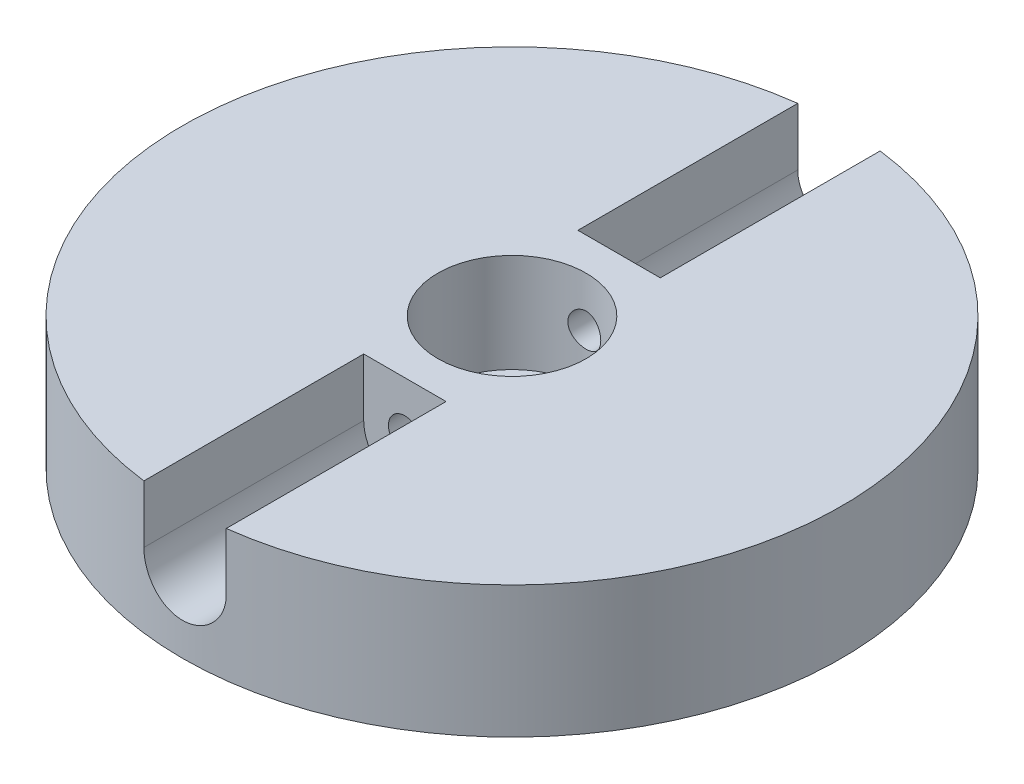
ISO-10303-21;
HEADER;
FILE_DESCRIPTION(('STEP AP214'),'2;1');
FILE_NAME('part.step','',(''),(''),'','','');
FILE_SCHEMA(('AUTOMOTIVE_DESIGN { 1 0 10303 214 1 1 1 1 }'));
ENDSEC;
DATA;
#1=APPLICATION_CONTEXT('core data for automotive mechanical design processes');
#2=APPLICATION_PROTOCOL_DEFINITION('international standard','automotive_design',2000,#1);
#3=PRODUCT_CONTEXT('',#1,'mechanical');
#4=PRODUCT('Part','Part','',(#3));
#5=PRODUCT_RELATED_PRODUCT_CATEGORY('part','',(#4));
#6=PRODUCT_DEFINITION_FORMATION('','',#4);
#7=PRODUCT_DEFINITION_CONTEXT('part definition',#1,'design');
#8=PRODUCT_DEFINITION('design','',#6,#7);
#9=PRODUCT_DEFINITION_SHAPE('','',#8);
#10=(LENGTH_UNIT() NAMED_UNIT(*) SI_UNIT(.MILLI.,.METRE.));
#11=(NAMED_UNIT(*) PLANE_ANGLE_UNIT() SI_UNIT($,.RADIAN.));
#12=(NAMED_UNIT(*) SI_UNIT($,.STERADIAN.) SOLID_ANGLE_UNIT());
#13=UNCERTAINTY_MEASURE_WITH_UNIT(LENGTH_MEASURE(1.E-05),#10,'distance_accuracy_value','');
#14=(GEOMETRIC_REPRESENTATION_CONTEXT(3) GLOBAL_UNCERTAINTY_ASSIGNED_CONTEXT((#13)) GLOBAL_UNIT_ASSIGNED_CONTEXT((#10,
#11,#12)) REPRESENTATION_CONTEXT('',''));
#15=CARTESIAN_POINT('',(0.,0.,0.));
#16=DIRECTION('',(0.,0.,1.));
#17=DIRECTION('',(1.,0.,0.));
#18=AXIS2_PLACEMENT_3D('',#15,#16,#17);
#19=CARTESIAN_POINT('',(0.,5.,20.));
#20=DIRECTION('',(0.,0.,-1.));
#21=DIRECTION('',(-1.,0.,0.));
#22=AXIS2_PLACEMENT_3D('',#19,#20,#21);
#23=CYLINDRICAL_SURFACE('',#22,1.);
#24=CARTESIAN_POINT('',(-1.,5.,4.38748219369606));
#25=CARTESIAN_POINT('',(-0.999998124740785,4.94457881615327,4.38748331342391));
#26=CARTESIAN_POINT('',(-0.995377065735324,4.88913529370352,4.38854372765849));
#27=CARTESIAN_POINT('',(-0.97703611833839,4.7798265869857,4.39266269613714));
#28=CARTESIAN_POINT('',(-0.963309788508039,4.72596254829799,4.39572266492455));
#29=CARTESIAN_POINT('',(-0.927213191558881,4.62140978885454,4.40347746164853));
#30=CARTESIAN_POINT('',(-0.904852584002373,4.57071759299695,4.40817046205988));
#31=CARTESIAN_POINT('',(-0.852150017177229,4.47380249647428,4.41866033160417));
#32=CARTESIAN_POINT('',(-0.821808168079242,4.4275795341293,4.42445718549953));
#33=CARTESIAN_POINT('',(-0.753440537295431,4.34010871431502,4.43661451639959));
#34=CARTESIAN_POINT('',(-0.715301848896048,4.29895011893993,4.44298239912488));
#35=CARTESIAN_POINT('',(-0.632666839431873,4.22355862378069,4.45549951724043));
#36=CARTESIAN_POINT('',(-0.588170014707601,4.18932627317823,4.46164873526093));
#37=CARTESIAN_POINT('',(-0.493481972618768,4.12840462430228,4.47311646400737));
#38=CARTESIAN_POINT('',(-0.443234108266534,4.10180137527342,4.47842521703683));
#39=CARTESIAN_POINT('',(-0.338843167825975,4.05745009913977,4.48753012167776));
#40=CARTESIAN_POINT('',(-0.284700544003477,4.0397010457645,4.49132644858096));
#41=CARTESIAN_POINT('',(-0.174985398164166,4.01384328353057,4.49692642233617));
#42=CARTESIAN_POINT('',(-0.11945011413096,4.0055834453998,4.49876127463464));
#43=CARTESIAN_POINT('',(-0.00775382889301121,3.99846586456379,4.50033974476021));
#44=CARTESIAN_POINT('',(0.0484070977382731,3.99960701303309,4.50008360921472));
#45=CARTESIAN_POINT('',(0.158717960467174,4.01114686124802,4.4975327467564));
#46=CARTESIAN_POINT('',(0.212885892163577,4.02138263954555,4.49527389802337));
#47=CARTESIAN_POINT('',(0.318715422771709,4.05056133377758,4.48901238651152));
#48=CARTESIAN_POINT('',(0.370376905871405,4.06950465162663,4.48500964324008));
#49=CARTESIAN_POINT('',(0.470176884695466,4.11570348705047,4.47565269302828));
#50=CARTESIAN_POINT('',(0.518286010447011,4.14302035827222,4.47028856276396));
#51=CARTESIAN_POINT('',(0.609296568272404,4.2051450469745,4.45879635842009));
#52=CARTESIAN_POINT('',(0.652197268314769,4.23995391553498,4.4526681771998));
#53=CARTESIAN_POINT('',(0.732542494790415,4.31696009692648,4.44016582863413));
#54=CARTESIAN_POINT('',(0.769850109238107,4.35929998798543,4.43378920480069));
#55=CARTESIAN_POINT('',(0.836861515102732,4.44970137380854,4.42163160720916));
#56=CARTESIAN_POINT('',(0.866565086744067,4.49776303388714,4.41585065067021));
#57=CARTESIAN_POINT('',(0.917588829579861,4.59846994417434,4.40553216782544));
#58=CARTESIAN_POINT('',(0.938882387203651,4.65112911140233,4.4009986024148));
#59=CARTESIAN_POINT('',(0.972276347615841,4.75940308564114,4.39374257045182));
#60=CARTESIAN_POINT('',(0.984378260852373,4.81501740542867,4.39101980634257));
#61=CARTESIAN_POINT('',(0.998831494501015,4.92636999352987,4.38775454247314));
#62=CARTESIAN_POINT('',(1.00138249383898,4.98208106551994,4.38716740125429));
#63=CARTESIAN_POINT('',(0.997202737121733,5.09313246148128,4.38811932262746));
#64=CARTESIAN_POINT('',(0.990472640937895,5.14847281152922,4.38965823406047));
#65=CARTESIAN_POINT('',(0.96809518661348,5.25651176874829,4.39464664137563));
#66=CARTESIAN_POINT('',(0.952558463272167,5.30923448764815,4.39807241834516));
#67=CARTESIAN_POINT('',(0.913128875693618,5.41132831556434,4.40642704252923));
#68=CARTESIAN_POINT('',(0.889235190550063,5.46069909474973,4.41135603739913));
#69=CARTESIAN_POINT('',(0.833332350832738,5.55554980088821,4.42225937025823));
#70=CARTESIAN_POINT('',(0.801200572354218,5.60095565749253,4.42824903821989));
#71=CARTESIAN_POINT('',(0.729893521468861,5.68580417870435,4.44055871006593));
#72=CARTESIAN_POINT('',(0.690717344765467,5.72524607651429,4.44687875628735));
#73=CARTESIAN_POINT('',(0.605528607307308,5.7978256717543,4.45928466963624));
#74=CARTESIAN_POINT('',(0.559398704918136,5.83082701793473,4.46536366365756));
#75=CARTESIAN_POINT('',(0.462134081071293,5.88861206711701,4.47647455721721));
#76=CARTESIAN_POINT('',(0.41099959740653,5.91339616031672,4.48150650647044));
#77=CARTESIAN_POINT('',(0.305500950001646,5.95385505731671,4.48992744359791));
#78=CARTESIAN_POINT('',(0.251160194087201,5.96958859794708,4.49332700109296));
#79=CARTESIAN_POINT('',(0.140522543397795,5.99168258000827,4.49814588349754));
#80=CARTESIAN_POINT('',(0.0842259439625949,5.99804443035693,4.49956550606412));
#81=CARTESIAN_POINT('',(-0.0274324227701901,6.00114939118448,4.50025537600146));
#82=CARTESIAN_POINT('',(-0.0827883528681099,5.99809581532961,4.49957105615266));
#83=CARTESIAN_POINT('',(-0.192177020683066,5.98291252472164,4.49622763231539));
#84=CARTESIAN_POINT('',(-0.246209783671608,5.97078298345254,4.49356856607352));
#85=CARTESIAN_POINT('',(-0.351255142393359,5.93789082140258,4.48657818532304));
#86=CARTESIAN_POINT('',(-0.402277441320411,5.91715788804941,4.48225262496609));
#87=CARTESIAN_POINT('',(-0.50014576404638,5.86767609823051,4.47239043658606));
#88=CARTESIAN_POINT('',(-0.546991367894835,5.83892643691077,4.46685368697546));
#89=CARTESIAN_POINT('',(-0.636165449755518,5.77356886126757,4.45503741308905));
#90=CARTESIAN_POINT('',(-0.678387879198456,5.7368184821519,4.44874549747429));
#91=CARTESIAN_POINT('',(-0.756135866174558,5.65678893177719,4.43619353584561));
#92=CARTESIAN_POINT('',(-0.791659799988317,5.61350818211755,4.42993349791575));
#93=CARTESIAN_POINT('',(-0.855479255716283,5.52092275009492,4.4180568509948));
#94=CARTESIAN_POINT('',(-0.883667429316084,5.47154269158522,4.41245039614391));
#95=CARTESIAN_POINT('',(-0.931300131649454,5.36863155226936,4.402644201522));
#96=CARTESIAN_POINT('',(-0.950751953872793,5.3151039779348,4.3984432890926));
#97=CARTESIAN_POINT('',(-0.976946747324326,5.21794676298002,4.39268810860696));
#98=CARTESIAN_POINT('',(-0.985574910239045,5.17483828636636,4.3907490225869));
#99=CARTESIAN_POINT('',(-0.997102130853924,5.08782452170681,4.38814565456081));
#100=CARTESIAN_POINT('',(-1.00000148607481,5.04391927516001,4.38748130635241));
#101=CARTESIAN_POINT('',(-1.,5.,4.38748219369606));
#102=B_SPLINE_CURVE_WITH_KNOTS('',3,(#24,#25,#26,#27,#28,#29,#30,#31,#32,#33,#34,#35,#36,#37,
#38,#39,#40,#41,#42,#43,#44,#45,#46,#47,#48,#49,#50,#51,#52,#53,#54,#55,#56,#57,#58,#59,#60,#61,
#62,#63,#64,#65,#66,#67,#68,#69,#70,#71,#72,#73,#74,#75,#76,#77,#78,#79,#80,#81,#82,#83,#84,#85,
#86,#87,#88,#89,#90,#91,#92,#93,#94,#95,#96,#97,#98,#99,#100,#101),.UNSPECIFIED.,.T.,.F.,(4,2,2,
2,2,2,2,2,2,2,2,2,2,2,2,2,2,2,2,2,2,2,2,2,2,2,2,2,2,2,2,2,2,2,2,2,2,2,4),(0.,0.166102558494592,
0.332322750192435,0.498357520008393,0.664389998050728,0.833022969567702,1.001669306751,
1.17214906318353,1.34260905508582,1.51031485736443,1.6780008793999,1.84274220917405,
2.00749114368964,2.17347729000196,2.33948673831992,2.5090602364594,2.67863863513816,
2.84874944722112,3.01883229921634,3.18533874755266,3.35183335815118,3.51628128972296,
3.68074537959259,3.84781614360498,4.01490836999235,4.18522523018715,4.35553400169376,
4.52472464724766,4.69388985448151,4.85942793779579,5.0249628569863,5.18993125886616,
5.35491622901636,5.52312234724343,5.69136918646788,5.86195485764065,6.03239785047427,
6.16403493145229,6.29566517579135),.UNSPECIFIED.);
#103=CARTESIAN_POINT('',(-1.,5.,4.38748219369606));
#104=VERTEX_POINT('',#103);
#105=EDGE_CURVE('E208',#104,#104,#102,.T.);
#106=ORIENTED_EDGE('',*,*,#105,.F.);
#107=EDGE_LOOP('',(#106));
#108=FACE_BOUND('',#107,.T.);
#109=CARTESIAN_POINT('',(0.,5.,6.5));
#110=DIRECTION('',(0.,0.,1.));
#111=DIRECTION('',(1.,0.,0.));
#112=AXIS2_PLACEMENT_3D('',#109,#110,#111);
#113=CIRCLE('',#112,1.);
#114=CARTESIAN_POINT('',(1.,5.,6.5));
#115=VERTEX_POINT('',#114);
#116=EDGE_CURVE('E150',#115,#115,#113,.T.);
#117=ORIENTED_EDGE('',*,*,#116,.T.);
#118=EDGE_LOOP('',(#117));
#119=FACE_BOUND('',#118,.T.);
#120=ADVANCED_FACE('F34',(#108,#119),#23,.F.);
#121=CARTESIAN_POINT('',(-1.,5.,-4.38748219369606));
#122=CARTESIAN_POINT('',(-0.999998124740785,5.05542118384673,-4.38748331342391));
#123=CARTESIAN_POINT('',(-0.995377065735324,5.11086470629648,-4.38854372765849));
#124=CARTESIAN_POINT('',(-0.97703611833839,5.2201734130143,-4.39266269613714));
#125=CARTESIAN_POINT('',(-0.963309788508039,5.27403745170201,-4.39572266492455));
#126=CARTESIAN_POINT('',(-0.927213191558881,5.37859021114546,-4.40347746164853));
#127=CARTESIAN_POINT('',(-0.904852584002373,5.42928240700305,-4.40817046205988));
#128=CARTESIAN_POINT('',(-0.852150017177229,5.52619750352572,-4.41866033160417));
#129=CARTESIAN_POINT('',(-0.821808168079242,5.5724204658707,-4.42445718549953));
#130=CARTESIAN_POINT('',(-0.75344053729543,5.65989128568498,-4.43661451639959));
#131=CARTESIAN_POINT('',(-0.715301848896047,5.70104988106007,-4.44298239912488));
#132=CARTESIAN_POINT('',(-0.632666839431872,5.77644137621931,-4.45549951724043));
#133=CARTESIAN_POINT('',(-0.588170014707601,5.81067372682177,-4.46164873526093));
#134=CARTESIAN_POINT('',(-0.493481972618768,5.87159537569772,-4.47311646400737));
#135=CARTESIAN_POINT('',(-0.443234108266533,5.89819862472658,-4.47842521703683));
#136=CARTESIAN_POINT('',(-0.338843167825975,5.94254990086023,-4.48753012167776));
#137=CARTESIAN_POINT('',(-0.284700544003477,5.9602989542355,-4.49132644858096));
#138=CARTESIAN_POINT('',(-0.174985398164166,5.98615671646943,-4.49692642233617));
#139=CARTESIAN_POINT('',(-0.11945011413096,5.9944165546002,-4.49876127463464));
#140=CARTESIAN_POINT('',(-0.00775382889301121,6.00153413543621,-4.50033974476021));
#141=CARTESIAN_POINT('',(0.0484070977382731,6.00039298696691,-4.50008360921472));
#142=CARTESIAN_POINT('',(0.158717960467174,5.98885313875198,-4.4975327467564));
#143=CARTESIAN_POINT('',(0.212885892163577,5.97861736045445,-4.49527389802337));
#144=CARTESIAN_POINT('',(0.318715422771709,5.94943866622242,-4.48901238651152));
#145=CARTESIAN_POINT('',(0.370376905871405,5.93049534837337,-4.48500964324008));
#146=CARTESIAN_POINT('',(0.470176884695466,5.88429651294953,-4.47565269302828));
#147=CARTESIAN_POINT('',(0.518286010447011,5.85697964172778,-4.47028856276396));
#148=CARTESIAN_POINT('',(0.609296568272404,5.7948549530255,-4.45879635842009));
#149=CARTESIAN_POINT('',(0.652197268314769,5.76004608446502,-4.4526681771998));
#150=CARTESIAN_POINT('',(0.732542494790415,5.68303990307352,-4.44016582863413));
#151=CARTESIAN_POINT('',(0.769850109238107,5.64070001201457,-4.43378920480069));
#152=CARTESIAN_POINT('',(0.836861515102732,5.55029862619146,-4.42163160720916));
#153=CARTESIAN_POINT('',(0.866565086744067,5.50223696611286,-4.41585065067021));
#154=CARTESIAN_POINT('',(0.917588829579861,5.40153005582566,-4.40553216782544));
#155=CARTESIAN_POINT('',(0.938882387203651,5.34887088859767,-4.4009986024148));
#156=CARTESIAN_POINT('',(0.972276347615841,5.24059691435886,-4.39374257045182));
#157=CARTESIAN_POINT('',(0.984378260852373,5.18498259457133,-4.39101980634257));
#158=CARTESIAN_POINT('',(0.998831494501015,5.07363000647013,-4.38775454247314));
#159=CARTESIAN_POINT('',(1.00138249383898,5.01791893448006,-4.38716740125429));
#160=CARTESIAN_POINT('',(0.997202737121733,4.90686753851872,-4.38811932262746));
#161=CARTESIAN_POINT('',(0.990472640937895,4.85152718847078,-4.38965823406047));
#162=CARTESIAN_POINT('',(0.96809518661348,4.74348823125171,-4.39464664137563));
#163=CARTESIAN_POINT('',(0.952558463272167,4.69076551235185,-4.39807241834516));
#164=CARTESIAN_POINT('',(0.913128875693618,4.58867168443566,-4.40642704252923));
#165=CARTESIAN_POINT('',(0.889235190550063,4.53930090525027,-4.41135603739913));
#166=CARTESIAN_POINT('',(0.833332350832738,4.44445019911179,-4.42225937025823));
#167=CARTESIAN_POINT('',(0.801200572354218,4.39904434250747,-4.42824903821989));
#168=CARTESIAN_POINT('',(0.729893521468861,4.31419582129565,-4.44055871006593));
#169=CARTESIAN_POINT('',(0.690717344765467,4.27475392348571,-4.44687875628735));
#170=CARTESIAN_POINT('',(0.605528607307308,4.2021743282457,-4.45928466963624));
#171=CARTESIAN_POINT('',(0.559398704918136,4.16917298206527,-4.46536366365756));
#172=CARTESIAN_POINT('',(0.462134081071293,4.11138793288299,-4.47647455721721));
#173=CARTESIAN_POINT('',(0.41099959740653,4.08660383968328,-4.48150650647044));
#174=CARTESIAN_POINT('',(0.305500950001646,4.04614494268329,-4.48992744359791));
#175=CARTESIAN_POINT('',(0.251160194087201,4.03041140205292,-4.49332700109296));
#176=CARTESIAN_POINT('',(0.140522543397795,4.00831741999173,-4.49814588349754));
#177=CARTESIAN_POINT('',(0.0842259439625949,4.00195556964307,-4.49956550606412));
#178=CARTESIAN_POINT('',(-0.0274324227701901,3.99885060881552,-4.50025537600146));
#179=CARTESIAN_POINT('',(-0.0827883528681099,4.00190418467039,-4.49957105615266));
#180=CARTESIAN_POINT('',(-0.192177020683066,4.01708747527836,-4.49622763231539));
#181=CARTESIAN_POINT('',(-0.246209783671608,4.02921701654746,-4.49356856607352));
#182=CARTESIAN_POINT('',(-0.351255142393359,4.06210917859742,-4.48657818532304));
#183=CARTESIAN_POINT('',(-0.402277441320411,4.08284211195059,-4.48225262496609));
#184=CARTESIAN_POINT('',(-0.50014576404638,4.13232390176949,-4.47239043658606));
#185=CARTESIAN_POINT('',(-0.546991367894835,4.16107356308923,-4.46685368697546));
#186=CARTESIAN_POINT('',(-0.636165449755518,4.22643113873243,-4.45503741308905));
#187=CARTESIAN_POINT('',(-0.678387879198456,4.2631815178481,-4.44874549747429));
#188=CARTESIAN_POINT('',(-0.756135866174558,4.34321106822281,-4.43619353584561));
#189=CARTESIAN_POINT('',(-0.791659799988317,4.38649181788245,-4.42993349791575));
#190=CARTESIAN_POINT('',(-0.855479255716283,4.47907724990508,-4.4180568509948));
#191=CARTESIAN_POINT('',(-0.883667429316084,4.52845730841478,-4.41245039614391));
#192=CARTESIAN_POINT('',(-0.931300131649454,4.63136844773064,-4.402644201522));
#193=CARTESIAN_POINT('',(-0.950751953872793,4.6848960220652,-4.3984432890926));
#194=CARTESIAN_POINT('',(-0.976946747324326,4.78205323701998,-4.39268810860696));
#195=CARTESIAN_POINT('',(-0.985574910239045,4.82516171363364,-4.3907490225869));
#196=CARTESIAN_POINT('',(-0.997102130853924,4.91217547829319,-4.38814565456081));
#197=CARTESIAN_POINT('',(-1.00000148607481,4.95608072483999,-4.38748130635241));
#198=CARTESIAN_POINT('',(-1.,5.,-4.38748219369606));
#199=B_SPLINE_CURVE_WITH_KNOTS('',3,(#121,#122,#123,#124,#125,#126,#127,#128,#129,#130,#131,
#132,#133,#134,#135,#136,#137,#138,#139,#140,#141,#142,#143,#144,#145,#146,#147,#148,#149,#150,
#151,#152,#153,#154,#155,#156,#157,#158,#159,#160,#161,#162,#163,#164,#165,#166,#167,#168,#169,
#170,#171,#172,#173,#174,#175,#176,#177,#178,#179,#180,#181,#182,#183,#184,#185,#186,#187,#188,
#189,#190,#191,#192,#193,#194,#195,#196,#197,#198),.UNSPECIFIED.,.T.,.F.,(4,2,2,2,2,2,2,2,2,2,2,
2,2,2,2,2,2,2,2,2,2,2,2,2,2,2,2,2,2,2,2,2,2,2,2,2,2,2,4),(0.,0.166102558494592,
0.332322750192435,0.498357520008393,0.664389998050728,0.833022969567703,1.001669306751,
1.17214906318353,1.34260905508582,1.51031485736443,1.6780008793999,1.84274220917405,
2.00749114368964,2.17347729000196,2.33948673831992,2.5090602364594,2.67863863513816,
2.84874944722112,3.01883229921634,3.18533874755266,3.35183335815118,3.51628128972296,
3.68074537959259,3.84781614360498,4.01490836999235,4.18522523018715,4.35553400169376,
4.52472464724766,4.69388985448151,4.85942793779579,5.0249628569863,5.18993125886616,
5.35491622901636,5.52312234724343,5.69136918646788,5.86195485764065,6.03239785047427,
6.16403493145229,6.29566517579135),.UNSPECIFIED.);
#200=CARTESIAN_POINT('',(-1.,5.,-4.38748219369606));
#201=VERTEX_POINT('',#200);
#202=EDGE_CURVE('E202',#201,#201,#199,.T.);
#203=ORIENTED_EDGE('',*,*,#202,.F.);
#204=EDGE_LOOP('',(#203));
#205=FACE_BOUND('',#204,.T.);
#206=CARTESIAN_POINT('',(0.,5.,-6.5));
#207=DIRECTION('',(0.,0.,1.));
#208=DIRECTION('',(1.,0.,0.));
#209=AXIS2_PLACEMENT_3D('',#206,#207,#208);
#210=CIRCLE('',#209,1.);
#211=CARTESIAN_POINT('',(1.,5.,-6.5));
#212=VERTEX_POINT('',#211);
#213=EDGE_CURVE('E129',#212,#212,#210,.T.);
#214=ORIENTED_EDGE('',*,*,#213,.F.);
#215=EDGE_LOOP('',(#214));
#216=FACE_BOUND('',#215,.T.);
#217=ADVANCED_FACE('F194',(#205,#216),#23,.F.);
#218=CARTESIAN_POINT('',(0.,8.,0.));
#219=DIRECTION('',(0.,-1.,0.));
#220=DIRECTION('',(0.,0.,-1.));
#221=AXIS2_PLACEMENT_3D('',#218,#219,#220);
#222=CYLINDRICAL_SURFACE('',#221,20.);
#223=CARTESIAN_POINT('',(0.,0.,0.));
#224=DIRECTION('',(0.,1.,0.));
#225=DIRECTION('',(0.,0.,1.));
#226=AXIS2_PLACEMENT_3D('',#223,#224,#225);
#227=CIRCLE('',#226,20.);
#228=CARTESIAN_POINT('',(0.,0.,20.));
#229=VERTEX_POINT('',#228);
#230=EDGE_CURVE('E165',#229,#229,#227,.T.);
#231=ORIENTED_EDGE('',*,*,#230,.T.);
#232=EDGE_LOOP('',(#231));
#233=FACE_BOUND('',#232,.T.);
#234=CARTESIAN_POINT('',(-2.5,4.5,-19.8431348329844));
#235=CARTESIAN_POINT('',(-2.50000705587245,4.42997747965463,-19.8431311662677));
#236=CARTESIAN_POINT('',(-2.49705815628674,4.35995852889184,-19.8435053985914));
#237=CARTESIAN_POINT('',(-2.48530310052497,4.22042699564741,-19.8449825584292));
#238=CARTESIAN_POINT('',(-2.4764973954152,4.15091437458717,-19.8460854298265));
#239=CARTESIAN_POINT('',(-2.45309534457857,4.01295440195228,-19.8489912854592));
#240=CARTESIAN_POINT('',(-2.4385049323959,3.94450603327392,-19.850793552264));
#241=CARTESIAN_POINT('',(-2.40365605276461,3.80910839487939,-19.8550432604224));
#242=CARTESIAN_POINT('',(-2.38339761903442,3.74215911624785,-19.8574906979379));
#243=CARTESIAN_POINT('',(-2.31429891753963,3.54422356805668,-19.8657042791123));
#244=CARTESIAN_POINT('',(-2.25712192228049,3.41607151103514,-19.8723434517049));
#245=CARTESIAN_POINT('',(-2.12226604877552,3.17126170834563,-19.8871957936628));
#246=CARTESIAN_POINT('',(-2.04458877031132,3.05460306674055,-19.8954088401939));
#247=CARTESIAN_POINT('',(-1.87045938279267,2.83534897525874,-19.9125350648406));
#248=CARTESIAN_POINT('',(-1.77391714203987,2.73282523604605,-19.9214514764077));
#249=CARTESIAN_POINT('',(-1.56498643345422,2.5453844803003,-19.9389514682075));
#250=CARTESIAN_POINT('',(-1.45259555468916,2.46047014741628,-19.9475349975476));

------------------------------------------------

- **Task**: Starting at the first line of the entries, restate word for word everything through the line that holds "#4=PRODUCT('Part','Part','',(#3));", both ends included, but omit any pictures.

- **Result**:
ISO-10303-21;
HEADER;
FILE_DESCRIPTION(('STEP AP214'),'2;1');
FILE_NAME('part.step','',(''),(''),'','','');
FILE_SCHEMA(('AUTOMOTIVE_DESIGN { 1 0 10303 214 1 1 1 1 }'));
ENDSEC;
DATA;
#1=APPLICATION_CONTEXT('core data for automotive mechanical design processes');
#2=APPLICATION_PROTOCOL_DEFINITION('international standard','automotive_design',2000,#1);
#3=PRODUCT_CONTEXT('',#1,'mechanical');
#4=PRODUCT('Part','Part','',(#3));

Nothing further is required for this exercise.